Started off with the Clarke 20" lathe from Machine Mart:-





which was about £70 - had fun with it for about a year or so,then (due to an unexpected bonus at work) upgraded to the Perform CCBL:-




which was about £200.
No belt/pulleys to alter to change speed - so I change speeds more often  
No spanner needed to move tailstock/toolrests - so I move them more often  

Bear in mind other costs,though:-
Chisels - my first HSS chisels were the five-piece set behind the headstock - £50
Chuck - although I made lots of things on the small lathe between centres,or using a faceplate or screwchuck,having a chuck now makes workholding easier - Clubman K10 currently on offer for just under £100

So,for what it's worth,that would be my recommendation for a lathe in your budget - has the capacity and capability to be added onto as and when you can afford it (assuming you get addicted :lol: )

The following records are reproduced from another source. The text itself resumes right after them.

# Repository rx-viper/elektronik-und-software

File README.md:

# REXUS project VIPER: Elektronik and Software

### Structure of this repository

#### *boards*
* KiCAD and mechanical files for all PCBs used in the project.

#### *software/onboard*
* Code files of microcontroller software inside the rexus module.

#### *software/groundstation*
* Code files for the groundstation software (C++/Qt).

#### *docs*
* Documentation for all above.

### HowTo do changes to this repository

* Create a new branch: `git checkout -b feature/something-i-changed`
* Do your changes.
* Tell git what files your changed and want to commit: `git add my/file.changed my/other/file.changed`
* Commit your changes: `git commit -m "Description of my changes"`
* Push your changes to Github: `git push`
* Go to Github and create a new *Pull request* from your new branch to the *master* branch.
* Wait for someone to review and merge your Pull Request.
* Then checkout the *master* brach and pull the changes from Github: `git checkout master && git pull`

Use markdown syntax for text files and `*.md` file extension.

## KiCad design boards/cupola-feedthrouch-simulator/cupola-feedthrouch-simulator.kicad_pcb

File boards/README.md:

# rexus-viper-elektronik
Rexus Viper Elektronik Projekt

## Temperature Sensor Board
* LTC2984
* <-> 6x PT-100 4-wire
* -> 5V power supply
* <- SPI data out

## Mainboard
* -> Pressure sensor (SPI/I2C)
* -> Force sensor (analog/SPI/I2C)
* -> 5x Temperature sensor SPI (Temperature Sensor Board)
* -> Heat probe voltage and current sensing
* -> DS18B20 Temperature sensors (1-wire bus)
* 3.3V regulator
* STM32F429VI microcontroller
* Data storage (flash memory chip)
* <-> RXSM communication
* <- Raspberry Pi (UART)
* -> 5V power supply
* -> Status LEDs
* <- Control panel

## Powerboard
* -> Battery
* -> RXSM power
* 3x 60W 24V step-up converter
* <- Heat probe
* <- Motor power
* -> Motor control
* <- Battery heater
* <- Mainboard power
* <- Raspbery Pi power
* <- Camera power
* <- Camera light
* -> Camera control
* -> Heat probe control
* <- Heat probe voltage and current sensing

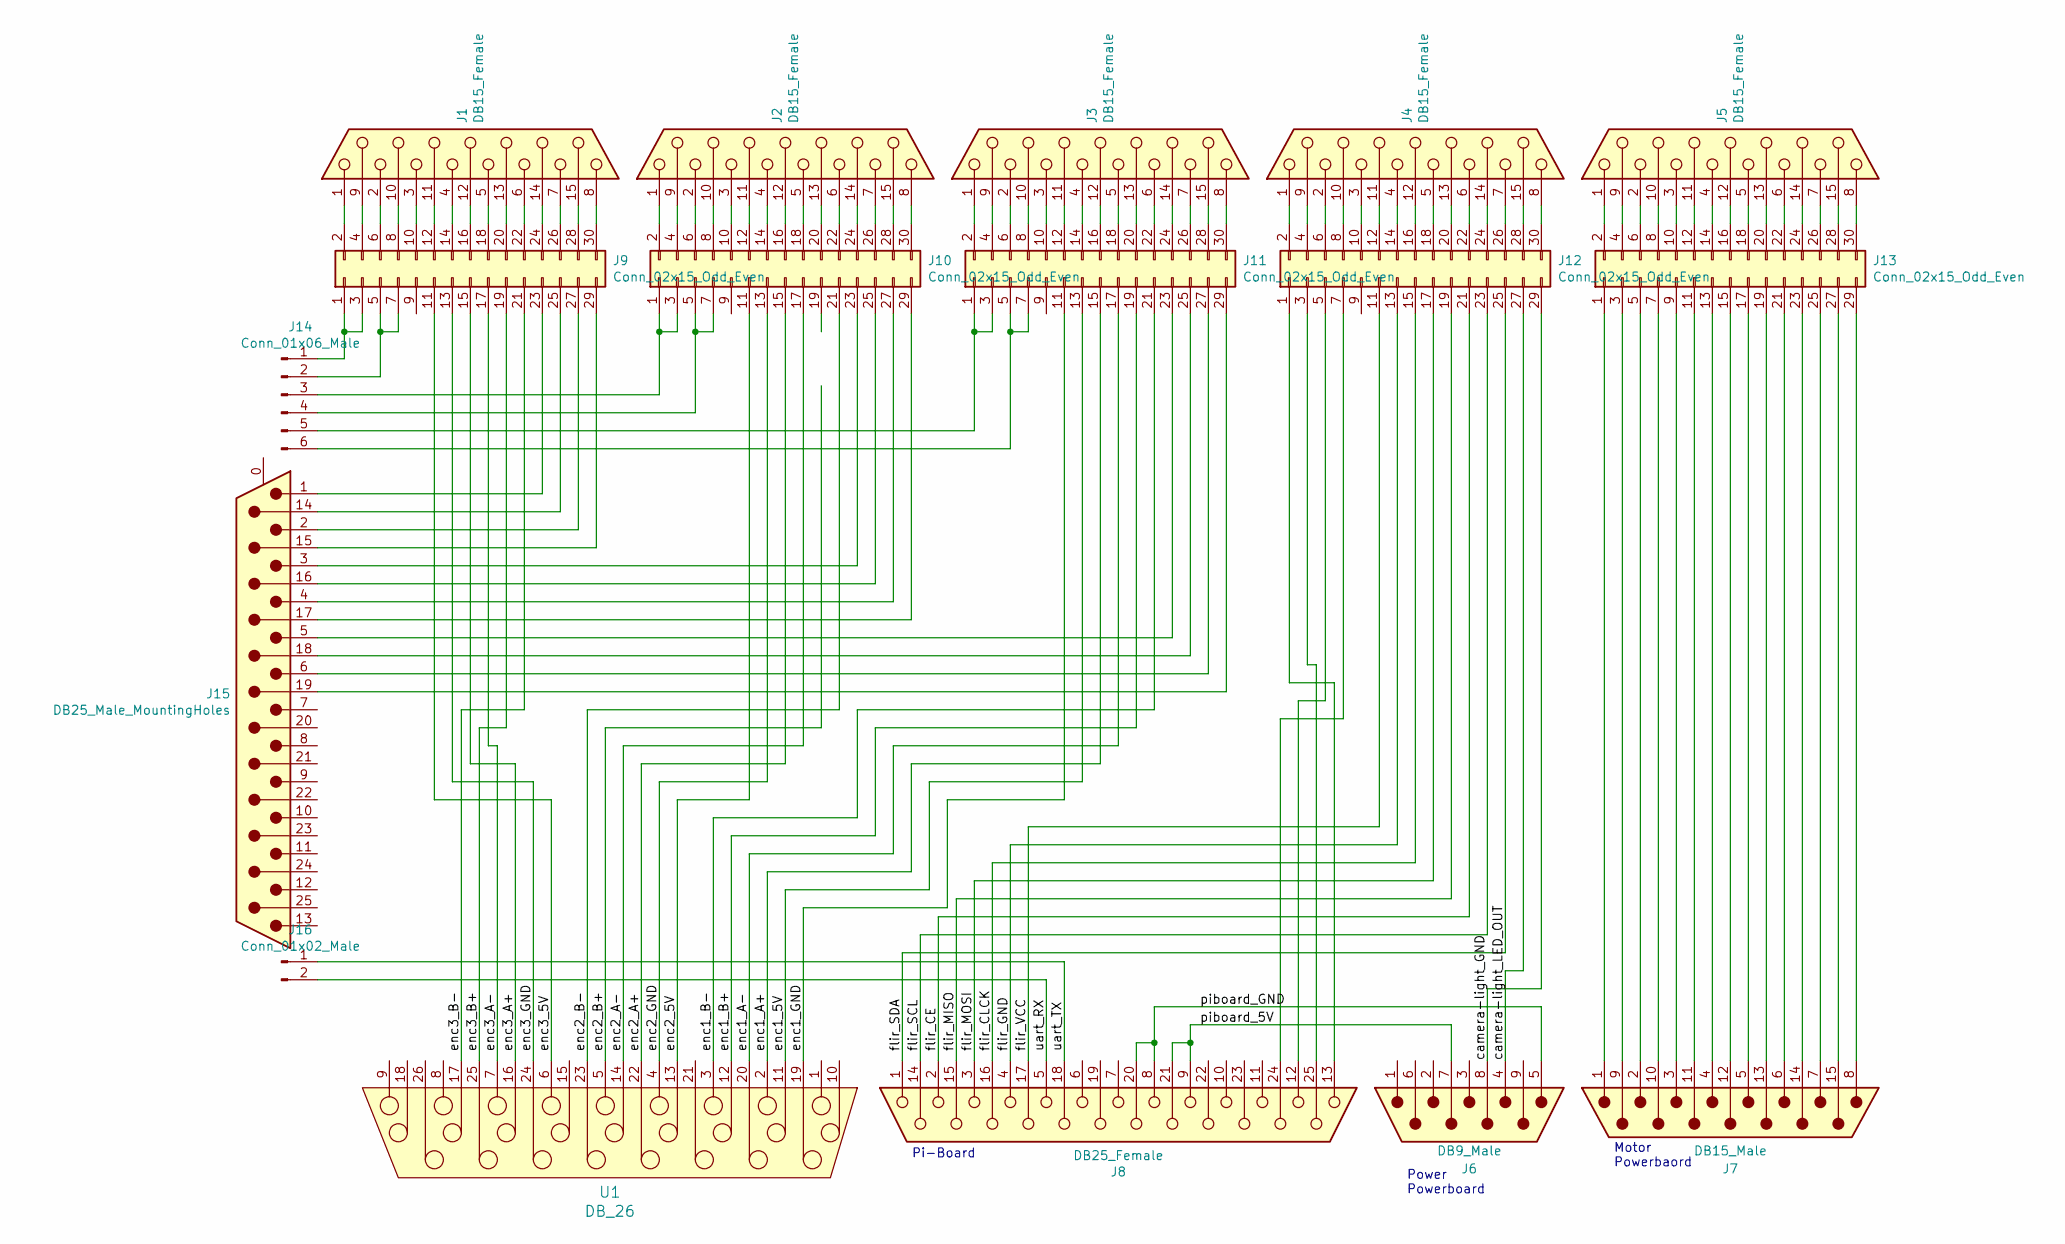
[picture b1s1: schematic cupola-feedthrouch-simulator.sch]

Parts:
J1, J2, J3, J4, J5: DB15_Female; DSUB-15_Female_Vertical_P2.77x2.84mm_MountingHoles
J6: DB9_Male; DSUB-9_Male_Vertical_P2.77x2.84mm_MountingHoles
J7: DB15_Male; DSUB-15_Male_Vertical_P2.77x2.84mm_MountingHoles
J8: DB25_Female; DSUB-25_Female_Vertical_P2.77x2.84mm_MountingHoles
J9, J10, J11, J12, J13: Conn_02x15_Odd_Even; PinHeader_2x15_P2.54mm_Vertical
J14: Conn_01x06_Male; PinHeader_1x06_P2.54mm_Vertical
J15: DB25_Male_MountingHoles; DSUB-25_Male_Vertical_P2.77x2.84mm_MountingHoles
J16: Conn_01x02_Male; PinHeader_1x02_P2.54mm_Vertical
U1: DB_26; DSUB-26-HD_Male_Vertical_P2.29x1.98mm_MountingHoles

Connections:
/camera-light_GND: J6.8, J12.29
/camera-light_LED_OUT: J6.4, J12.27
/enc1_5V: J11.13, U1.11
/enc1_A+: J11.15, U1.2
/enc1_A-: J11.17, U1.20
/enc1_B+: J11.19, U1.12
/enc1_B-: J11.21, U1.3
/enc1_GND: J11.11, U1.19
/enc2_5V: J10.11, U1.13
/enc2_A+: J10.15, U1.22
/enc2_A-: J10.17, U1.14
/enc2_B+: U1.5
/enc2_B-: J10.21, U1.23
/enc2_GND: J10.13, U1.4
/enc3_5V: J9.11, U1.6
/enc3_A+: J9.15, U1.16
/enc3_A-: J9.17, U1.7
/enc3_B+: J9.19, U1.25
/enc3_B-: J9.21, U1.17
/enc3_GND: J9.13, U1.24
/flir_CE: J8.2, J12.21
/flir_CLCK: J8.16, J12.15
/flir_GND: J8.4, J12.13
/flir_MISO: J8.15, J12.19
/flir_MOSI: J8.3, J12.17
/flir_SCL: J8.14, J12.23
/flir_SDA: J8.1, J12.25
/flir_VCC: J8.17, J12.11
/piboard_5V: J6.7, J8.9, J8.21
/piboard_GND: J6.5, J8.8, J8.20
/uart_RX: J8.5, J16.2
/uart_TX: J8.18, J16.1
unnamed: J1.1, J9.2
unnamed: J1.2, J9.6
unnamed: J1.3, J9.10
unnamed: J1.4, J9.14
unnamed: J1.5, J9.18
unnamed: J1.6, J9.22
unnamed: J1.7, J9.26
unnamed: J1.8, J9.30
unnamed: J1.9, J9.4
unnamed: J1.10, J9.8
unnamed: J1.11 (P111), J9.12
unnamed: J1.12, J9.16
unnamed: J1.13, J9.20
unnamed: J1.14, J9.24
unnamed: J1.15, J9.28
unnamed: J10.1, J10.3, J14.3
unnamed: J2.1, J10.2
unnamed: J2.9, J10.4
unnamed: J10.5, J10.7, J14.4
unnamed: J2.2, J10.6
unnamed: J2.10, J10.8
unnamed: J2.3, J10.10
unnamed: J2.11 (P111), J10.12
unnamed: J2.4, J10.14
unnamed: J2.12, J10.16
unnamed: J2.5, J10.18
unnamed: J2.13, J10.20
unnamed: J2.6, J10.22
unnamed: J10.23, J15.3
unnamed: J2.14, J10.24
unnamed: J10.25, J15.16
unnamed: J2.7, J10.26
unnamed: J10.27, J15.4
unnamed: J2.15, J10.28
unnamed: J10.29, J15.17
unnamed: J2.8, J10.30
unnamed: J11.1, J11.3, J14.5
unnamed: J3.1, J11.2
unnamed: J3.9, J11.4
unnamed: J11.5, J11.7, J14.6
unnamed: J3.2, J11.6
unnamed: J3.10, J11.8
unnamed: J3.3, J11.10
unnamed: J3.11 (P111), J11.12
unnamed: J3.4, J11.14
unnamed: J3.12, J11.16
unnamed: J3.5, J11.18
unnamed: J3.13, J11.20
unnamed: J3.6, J11.22
unnamed: J11.23, J15.5
unnamed: J3.14, J11.24
unnamed: J11.25, J15.18
unnamed: J3.7, J11.26
unnamed: J11.27, J15.6
unnamed: J3.15, J11.28
unnamed: J11.29, J15.19
unnamed: J3.8, J11.30
unnamed: J8.13, J12.1
unnamed: J4.1, J12.2
unnamed: J8.25, J12.3
unnamed: J4.9, J12.4
unnamed: J8.12, J12.5
unnamed: J4.2, J12.6
unnamed: J8.24, J12.7
unnamed: J4.10, J12.8
unnamed: J4.3, J12.10
unnamed: J4.11 (P111), J12.12
unnamed: J4.4, J12.14
unnamed: J4.12, J12.16
unnamed: J4.5, J12.18
unnamed: J4.13, J12.20
unnamed: J4.6, J12.22
unnamed: J4.14, J12.24
unnamed: J4.7, J12.26
unnamed: J4.15, J12.28
unnamed: J4.8, J12.30
unnamed: J7.1, J13.1
unnamed: J5.1, J13.2
unnamed: J7.9, J13.3
unnamed: J5.9, J13.4
unnamed: J7.2, J13.5
unnamed: J5.2, J13.6
unnamed: J7.10, J13.7
unnamed: J5.10, J13.8
unnamed: J7.3, J13.9
unnamed: J5.3, J13.10
unnamed: J7.11 (P111), J13.11
unnamed: J5.11 (P111), J13.12
unnamed: J7.4, J13.13
unnamed: J5.4, J13.14
unnamed: J7.12, J13.15
unnamed: J5.12, J13.16
unnamed: J7.5, J13.17
unnamed: J5.5, J13.18
unnamed: J7.13, J13.19
unnamed: J5.13, J13.20
unnamed: J7.6, J13.21
unnamed: J5.6, J13.22
unnamed: J7.14, J13.23
unnamed: J5.14, J13.24
unnamed: J7.7, J13.25
unnamed: J5.7, J13.26
unnamed: J7.15, J13.27
unnamed: J5.15, J13.28
unnamed: J7.8, J13.29
unnamed: J5.8, J13.30
unnamed: J9.1, J9.3, J14.1
unnamed: J9.5, J9.7, J14.2
unnamed: J9.23, J15.1
unnamed: J9.27, J15.2
unnamed: J9.25, J15.14
unnamed: J9.29, J15.15

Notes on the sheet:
Motor Powerbaord
Power Powerboard
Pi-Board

Good luck,and let us know what you decide to go for.

Andrew

P.S. - still an enthusiastic amateur,and not an expert :wink:


----------



## colin macdiarmid (28 Nov 2006)

I've SIP variable speed lathe 900mm long with a swivel headstock for outboard turning, find it a good wee lathe costs about £179.00 new, but bear in mind you'll need a chuck and some other tools, to be honest I would check out ebay for second hand lathes this may leave some cash for tools etc


----------



## NeilO (28 Nov 2006)

hi joekid.....
you may want to check out our resident maestro of the lathe, CHJ (Chas) he has/had a Perform lathe and supernova chuck for sale....
check down the listing to FOR SALE....


----------



## CHJ (29 Nov 2006)

I would endorse the Perform range as well.

There are many clones of this design marketed by other retailers, besides axminster under the white range (900 series). 

Whether the increased sales price guarantees better tolerances, bearings etc. is a job to determine, all I know is that if you order spares or enquire about spares the components are supplied from axminster with a 900 pt. no.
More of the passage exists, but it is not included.